Между прочим, свидетельство ребят очень пригодилось. Они твердо отвергли личность Перепахина и по фото назвали Вадима. Самого Вадима пока предъявить свидетелям не удалось. Я спугнул его. В тот же день он оставил Лене записку и исчез. В записке значилось:
"Все против меня. Считаю унизительным оправдываться. Уезжаю. Считай себя свободной".
Когда Мазин показал мне записку, я почувствовал себя скверно.
- Ничего, - сказал он, - куда ему бежать? Не тот преступник, чтобы скрыться.
- Какого же я свалял дурака!
- Бывает. Я и сам виноват. Не придержал твою инициативу.
Так он меня успокоил немного, а теперь провожал на вокзале. По радио объявили:
"Поезд номер... следующий из... прибывает на четвертый путь". Подошло время прощаться.
- Я напишу тебе, когда... хлюст отыщется.
Странно, но именно это меня мало интересовало.

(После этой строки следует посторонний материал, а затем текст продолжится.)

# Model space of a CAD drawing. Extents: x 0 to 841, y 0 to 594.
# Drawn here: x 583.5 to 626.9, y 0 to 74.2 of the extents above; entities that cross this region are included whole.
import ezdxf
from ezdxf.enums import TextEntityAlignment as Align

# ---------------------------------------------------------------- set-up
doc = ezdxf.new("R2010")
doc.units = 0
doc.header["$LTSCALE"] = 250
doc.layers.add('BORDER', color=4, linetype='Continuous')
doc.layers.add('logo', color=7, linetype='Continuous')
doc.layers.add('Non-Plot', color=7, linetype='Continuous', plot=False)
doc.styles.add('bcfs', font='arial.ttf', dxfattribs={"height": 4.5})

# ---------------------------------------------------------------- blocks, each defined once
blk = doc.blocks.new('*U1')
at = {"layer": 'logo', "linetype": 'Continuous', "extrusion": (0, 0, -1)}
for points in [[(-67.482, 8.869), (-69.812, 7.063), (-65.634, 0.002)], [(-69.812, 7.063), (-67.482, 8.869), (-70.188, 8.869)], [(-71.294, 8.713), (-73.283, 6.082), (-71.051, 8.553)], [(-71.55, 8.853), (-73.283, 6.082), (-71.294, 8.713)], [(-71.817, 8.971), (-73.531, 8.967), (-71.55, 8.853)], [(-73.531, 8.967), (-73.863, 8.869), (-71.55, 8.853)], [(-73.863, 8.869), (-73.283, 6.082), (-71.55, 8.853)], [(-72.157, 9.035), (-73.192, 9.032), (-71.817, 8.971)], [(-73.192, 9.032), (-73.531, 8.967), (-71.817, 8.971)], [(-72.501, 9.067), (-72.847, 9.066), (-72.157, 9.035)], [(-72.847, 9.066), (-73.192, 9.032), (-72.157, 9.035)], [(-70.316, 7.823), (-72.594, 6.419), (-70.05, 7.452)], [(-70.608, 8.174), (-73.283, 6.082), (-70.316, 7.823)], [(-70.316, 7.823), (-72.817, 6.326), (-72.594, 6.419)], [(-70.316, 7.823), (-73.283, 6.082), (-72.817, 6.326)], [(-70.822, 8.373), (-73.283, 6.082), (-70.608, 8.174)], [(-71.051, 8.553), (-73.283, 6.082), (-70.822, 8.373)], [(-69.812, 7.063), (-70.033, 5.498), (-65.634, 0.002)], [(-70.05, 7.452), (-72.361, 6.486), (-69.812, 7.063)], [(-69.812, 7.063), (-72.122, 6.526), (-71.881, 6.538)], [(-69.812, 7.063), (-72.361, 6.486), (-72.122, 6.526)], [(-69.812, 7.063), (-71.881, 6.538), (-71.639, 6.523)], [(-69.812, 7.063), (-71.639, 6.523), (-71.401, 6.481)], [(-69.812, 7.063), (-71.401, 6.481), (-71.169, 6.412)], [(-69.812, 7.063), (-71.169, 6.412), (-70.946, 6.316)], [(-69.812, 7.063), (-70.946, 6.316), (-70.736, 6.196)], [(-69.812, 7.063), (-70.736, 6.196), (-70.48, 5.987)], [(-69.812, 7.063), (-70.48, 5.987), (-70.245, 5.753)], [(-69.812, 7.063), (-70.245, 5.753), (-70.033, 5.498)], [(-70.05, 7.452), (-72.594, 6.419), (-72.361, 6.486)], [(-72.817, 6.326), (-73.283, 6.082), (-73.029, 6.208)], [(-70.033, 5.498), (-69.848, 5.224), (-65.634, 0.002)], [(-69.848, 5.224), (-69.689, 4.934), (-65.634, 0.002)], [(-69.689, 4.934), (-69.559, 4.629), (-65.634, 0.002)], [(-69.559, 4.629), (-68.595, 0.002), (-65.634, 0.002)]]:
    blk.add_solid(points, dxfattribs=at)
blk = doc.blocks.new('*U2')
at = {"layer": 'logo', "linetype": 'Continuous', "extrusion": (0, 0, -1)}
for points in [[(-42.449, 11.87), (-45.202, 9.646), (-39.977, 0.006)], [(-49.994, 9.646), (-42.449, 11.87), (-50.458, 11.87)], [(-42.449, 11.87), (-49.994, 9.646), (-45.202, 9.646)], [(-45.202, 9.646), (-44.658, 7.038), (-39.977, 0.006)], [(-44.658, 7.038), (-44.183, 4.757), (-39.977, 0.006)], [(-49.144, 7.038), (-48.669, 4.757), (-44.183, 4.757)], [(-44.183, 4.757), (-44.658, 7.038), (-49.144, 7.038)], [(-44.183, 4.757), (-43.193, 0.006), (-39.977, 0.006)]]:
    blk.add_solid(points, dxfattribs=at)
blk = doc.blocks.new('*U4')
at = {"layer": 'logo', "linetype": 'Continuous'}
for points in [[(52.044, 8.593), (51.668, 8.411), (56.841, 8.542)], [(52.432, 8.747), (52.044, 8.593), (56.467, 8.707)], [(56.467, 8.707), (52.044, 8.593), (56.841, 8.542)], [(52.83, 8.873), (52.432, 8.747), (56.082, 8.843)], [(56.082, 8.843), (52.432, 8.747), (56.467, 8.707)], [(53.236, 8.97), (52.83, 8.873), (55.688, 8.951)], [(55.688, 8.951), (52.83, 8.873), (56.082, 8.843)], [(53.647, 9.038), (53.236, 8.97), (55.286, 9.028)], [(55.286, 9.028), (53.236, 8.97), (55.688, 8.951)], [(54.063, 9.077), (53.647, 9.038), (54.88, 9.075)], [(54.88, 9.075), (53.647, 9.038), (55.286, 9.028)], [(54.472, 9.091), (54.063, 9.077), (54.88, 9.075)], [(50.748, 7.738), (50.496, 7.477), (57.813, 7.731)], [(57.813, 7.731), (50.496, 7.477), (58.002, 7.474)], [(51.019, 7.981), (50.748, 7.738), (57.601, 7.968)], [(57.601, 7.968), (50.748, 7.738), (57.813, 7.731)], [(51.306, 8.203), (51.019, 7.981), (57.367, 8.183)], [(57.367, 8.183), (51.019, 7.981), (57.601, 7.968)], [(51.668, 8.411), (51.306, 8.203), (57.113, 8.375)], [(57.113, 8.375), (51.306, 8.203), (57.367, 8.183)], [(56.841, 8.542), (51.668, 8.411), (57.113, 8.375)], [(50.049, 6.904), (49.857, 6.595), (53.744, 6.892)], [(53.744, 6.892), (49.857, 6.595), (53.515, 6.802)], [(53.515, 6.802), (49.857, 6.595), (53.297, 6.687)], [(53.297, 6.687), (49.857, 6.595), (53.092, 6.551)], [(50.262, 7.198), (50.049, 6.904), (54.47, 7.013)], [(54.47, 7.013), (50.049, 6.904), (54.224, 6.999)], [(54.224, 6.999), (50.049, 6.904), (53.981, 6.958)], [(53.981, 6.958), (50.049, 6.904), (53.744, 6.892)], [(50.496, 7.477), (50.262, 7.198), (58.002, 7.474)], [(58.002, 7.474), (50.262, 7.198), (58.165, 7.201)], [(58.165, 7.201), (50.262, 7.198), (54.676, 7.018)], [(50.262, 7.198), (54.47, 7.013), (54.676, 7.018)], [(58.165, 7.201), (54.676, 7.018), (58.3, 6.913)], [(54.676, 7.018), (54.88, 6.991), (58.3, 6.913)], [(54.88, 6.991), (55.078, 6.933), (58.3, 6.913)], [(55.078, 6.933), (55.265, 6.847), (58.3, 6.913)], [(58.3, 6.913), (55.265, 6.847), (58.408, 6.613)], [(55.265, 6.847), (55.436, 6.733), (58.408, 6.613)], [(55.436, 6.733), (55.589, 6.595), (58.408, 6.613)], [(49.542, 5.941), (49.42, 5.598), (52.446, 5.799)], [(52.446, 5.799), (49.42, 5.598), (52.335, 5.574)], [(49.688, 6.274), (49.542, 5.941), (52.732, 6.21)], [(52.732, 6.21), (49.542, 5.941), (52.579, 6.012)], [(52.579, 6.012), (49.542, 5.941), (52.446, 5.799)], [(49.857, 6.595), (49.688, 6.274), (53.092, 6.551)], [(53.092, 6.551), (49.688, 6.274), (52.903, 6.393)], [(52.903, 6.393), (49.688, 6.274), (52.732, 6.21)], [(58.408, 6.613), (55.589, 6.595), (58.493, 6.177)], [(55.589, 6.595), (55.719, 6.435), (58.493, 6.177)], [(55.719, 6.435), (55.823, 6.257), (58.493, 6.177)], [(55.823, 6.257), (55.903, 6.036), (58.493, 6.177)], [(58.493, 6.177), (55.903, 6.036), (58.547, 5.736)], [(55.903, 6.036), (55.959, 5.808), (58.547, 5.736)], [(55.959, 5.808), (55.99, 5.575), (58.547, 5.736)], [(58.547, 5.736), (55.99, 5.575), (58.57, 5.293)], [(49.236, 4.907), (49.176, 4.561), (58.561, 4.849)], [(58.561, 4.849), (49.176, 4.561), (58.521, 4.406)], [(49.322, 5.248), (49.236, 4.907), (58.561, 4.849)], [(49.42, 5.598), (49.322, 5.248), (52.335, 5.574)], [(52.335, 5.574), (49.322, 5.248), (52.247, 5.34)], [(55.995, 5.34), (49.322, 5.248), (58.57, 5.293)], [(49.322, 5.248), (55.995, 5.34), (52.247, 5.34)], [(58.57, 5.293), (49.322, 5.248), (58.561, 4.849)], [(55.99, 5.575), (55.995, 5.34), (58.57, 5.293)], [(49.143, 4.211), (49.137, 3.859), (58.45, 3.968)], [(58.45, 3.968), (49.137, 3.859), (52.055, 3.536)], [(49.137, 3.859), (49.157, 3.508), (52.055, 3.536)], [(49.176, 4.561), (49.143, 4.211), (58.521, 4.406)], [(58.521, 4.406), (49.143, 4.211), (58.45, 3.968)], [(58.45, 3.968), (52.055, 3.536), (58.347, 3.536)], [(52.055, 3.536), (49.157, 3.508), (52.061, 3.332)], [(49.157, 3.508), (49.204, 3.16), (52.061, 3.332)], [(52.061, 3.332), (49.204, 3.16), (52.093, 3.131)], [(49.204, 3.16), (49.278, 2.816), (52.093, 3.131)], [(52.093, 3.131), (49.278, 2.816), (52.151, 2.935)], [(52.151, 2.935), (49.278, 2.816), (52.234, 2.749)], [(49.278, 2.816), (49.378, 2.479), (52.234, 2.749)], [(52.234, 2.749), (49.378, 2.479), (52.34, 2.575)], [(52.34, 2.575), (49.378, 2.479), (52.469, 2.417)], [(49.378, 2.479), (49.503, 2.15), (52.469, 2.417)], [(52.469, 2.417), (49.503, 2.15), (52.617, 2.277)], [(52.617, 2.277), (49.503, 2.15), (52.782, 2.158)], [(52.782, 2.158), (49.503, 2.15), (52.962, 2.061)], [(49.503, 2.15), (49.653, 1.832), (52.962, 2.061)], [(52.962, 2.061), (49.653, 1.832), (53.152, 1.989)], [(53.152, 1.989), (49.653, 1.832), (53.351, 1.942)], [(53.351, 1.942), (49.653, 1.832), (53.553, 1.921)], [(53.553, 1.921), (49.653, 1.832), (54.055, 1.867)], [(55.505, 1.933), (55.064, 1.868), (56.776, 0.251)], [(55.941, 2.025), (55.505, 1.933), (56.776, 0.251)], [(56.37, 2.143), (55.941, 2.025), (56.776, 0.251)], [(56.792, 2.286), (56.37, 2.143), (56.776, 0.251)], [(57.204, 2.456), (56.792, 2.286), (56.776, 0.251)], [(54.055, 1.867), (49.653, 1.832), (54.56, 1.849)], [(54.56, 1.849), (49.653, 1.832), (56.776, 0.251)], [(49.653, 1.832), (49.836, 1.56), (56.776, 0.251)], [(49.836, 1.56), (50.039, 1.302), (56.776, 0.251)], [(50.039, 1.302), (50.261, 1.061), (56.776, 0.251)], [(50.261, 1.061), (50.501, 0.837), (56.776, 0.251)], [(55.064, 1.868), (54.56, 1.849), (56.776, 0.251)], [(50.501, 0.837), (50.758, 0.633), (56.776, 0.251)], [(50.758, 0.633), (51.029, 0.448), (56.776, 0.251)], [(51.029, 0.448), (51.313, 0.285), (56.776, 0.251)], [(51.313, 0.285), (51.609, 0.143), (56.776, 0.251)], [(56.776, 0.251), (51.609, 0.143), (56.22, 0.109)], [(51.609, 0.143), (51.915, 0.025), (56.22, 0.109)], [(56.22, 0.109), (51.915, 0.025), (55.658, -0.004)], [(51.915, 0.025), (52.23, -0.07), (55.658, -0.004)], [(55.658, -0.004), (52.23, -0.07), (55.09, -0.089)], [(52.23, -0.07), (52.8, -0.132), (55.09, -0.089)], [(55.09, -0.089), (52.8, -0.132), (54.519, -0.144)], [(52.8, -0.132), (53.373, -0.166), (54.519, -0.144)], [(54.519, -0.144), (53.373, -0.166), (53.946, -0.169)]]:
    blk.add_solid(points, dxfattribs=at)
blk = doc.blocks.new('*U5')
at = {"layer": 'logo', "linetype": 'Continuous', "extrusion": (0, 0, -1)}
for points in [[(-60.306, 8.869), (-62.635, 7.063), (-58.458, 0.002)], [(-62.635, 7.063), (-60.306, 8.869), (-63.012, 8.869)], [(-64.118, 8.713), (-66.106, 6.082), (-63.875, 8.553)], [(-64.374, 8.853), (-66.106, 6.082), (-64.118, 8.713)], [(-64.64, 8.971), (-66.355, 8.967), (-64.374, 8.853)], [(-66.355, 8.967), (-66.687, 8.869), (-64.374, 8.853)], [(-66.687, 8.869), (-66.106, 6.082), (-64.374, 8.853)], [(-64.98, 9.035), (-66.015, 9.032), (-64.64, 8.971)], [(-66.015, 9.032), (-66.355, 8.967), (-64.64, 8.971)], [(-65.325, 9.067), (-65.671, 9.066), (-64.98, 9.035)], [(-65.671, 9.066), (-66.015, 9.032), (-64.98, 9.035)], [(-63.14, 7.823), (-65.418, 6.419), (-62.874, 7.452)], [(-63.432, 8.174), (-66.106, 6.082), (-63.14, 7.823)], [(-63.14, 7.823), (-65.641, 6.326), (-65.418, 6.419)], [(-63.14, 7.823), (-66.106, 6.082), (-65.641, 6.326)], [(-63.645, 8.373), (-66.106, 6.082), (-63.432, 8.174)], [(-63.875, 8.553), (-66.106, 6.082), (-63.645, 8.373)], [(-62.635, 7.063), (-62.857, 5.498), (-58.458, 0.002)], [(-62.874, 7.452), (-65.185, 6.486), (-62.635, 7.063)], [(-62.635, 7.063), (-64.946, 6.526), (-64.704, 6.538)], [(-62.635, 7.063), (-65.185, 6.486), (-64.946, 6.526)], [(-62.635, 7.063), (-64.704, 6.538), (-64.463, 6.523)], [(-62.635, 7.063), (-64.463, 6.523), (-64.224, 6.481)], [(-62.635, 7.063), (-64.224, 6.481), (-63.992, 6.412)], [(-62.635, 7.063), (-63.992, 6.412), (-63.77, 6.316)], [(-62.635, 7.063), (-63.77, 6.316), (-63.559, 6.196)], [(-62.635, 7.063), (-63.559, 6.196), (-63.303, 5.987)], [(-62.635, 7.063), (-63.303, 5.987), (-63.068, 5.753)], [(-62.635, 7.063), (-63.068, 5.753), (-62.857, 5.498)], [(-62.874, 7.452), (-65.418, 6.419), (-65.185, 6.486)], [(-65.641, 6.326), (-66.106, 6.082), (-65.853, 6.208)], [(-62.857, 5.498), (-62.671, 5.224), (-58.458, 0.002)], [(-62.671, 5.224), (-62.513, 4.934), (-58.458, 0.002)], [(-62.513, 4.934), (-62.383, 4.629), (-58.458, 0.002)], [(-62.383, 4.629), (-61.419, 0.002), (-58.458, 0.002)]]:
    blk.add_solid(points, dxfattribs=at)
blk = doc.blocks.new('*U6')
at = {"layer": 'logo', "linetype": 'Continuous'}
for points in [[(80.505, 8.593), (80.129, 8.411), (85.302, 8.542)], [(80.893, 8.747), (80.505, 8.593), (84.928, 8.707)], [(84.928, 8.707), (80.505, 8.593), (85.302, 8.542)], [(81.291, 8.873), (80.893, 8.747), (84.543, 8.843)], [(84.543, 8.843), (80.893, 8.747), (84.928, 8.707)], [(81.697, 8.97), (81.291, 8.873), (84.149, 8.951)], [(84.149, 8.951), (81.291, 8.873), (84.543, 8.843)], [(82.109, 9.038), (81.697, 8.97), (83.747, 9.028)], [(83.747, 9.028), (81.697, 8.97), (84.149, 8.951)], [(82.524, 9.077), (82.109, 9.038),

Конечно, его задержат. Мазин прав, не тот преступник. Но почему именно такой? Откуда эта пустая душа, эта способность даже не убивать впрямую, а ускорять смерть, низко, подло отключить телефон, подсыпать снотворное?.. Остатки его, кстати, обнаружила экспертиза в кофемолке на даче, хотя Вадим и мыл, разумеется, кофемолку. Как этот умненький, вежливый мальчик превратился в беглого преступника? А ведь все в жизни было дано, дороги открыты... Чего же не хватило? Характера? Ответственности? Что увело с пути? Сам? А наша снисходительность? Склонность прощать без меры? Нетребовательность, которая не от доброты идет, а от равнодушия? И бутылка, рюмка с ранних лет, граммы за граммами, пока вместо ума и воли не остается слепая машина, что живет на ежедневной подкачке, "поддаче", пока мир не разделится на два - серый, не интересующий, и иллюзорно-заманчивый?.. Нет, не заманчивый, а больной, который нужно поддерживать постоянными дозами, а на дозы нужны деньги, а заработать их сил нет, и вот он, шаг за черту, достать, взять любыми средствами... Вот куда и библиотека Сергеева пошла бы, и уникальная коллекция...
Поезд подошел и остановился. Проводницы протирали поручни. Я протянул Мазину руку.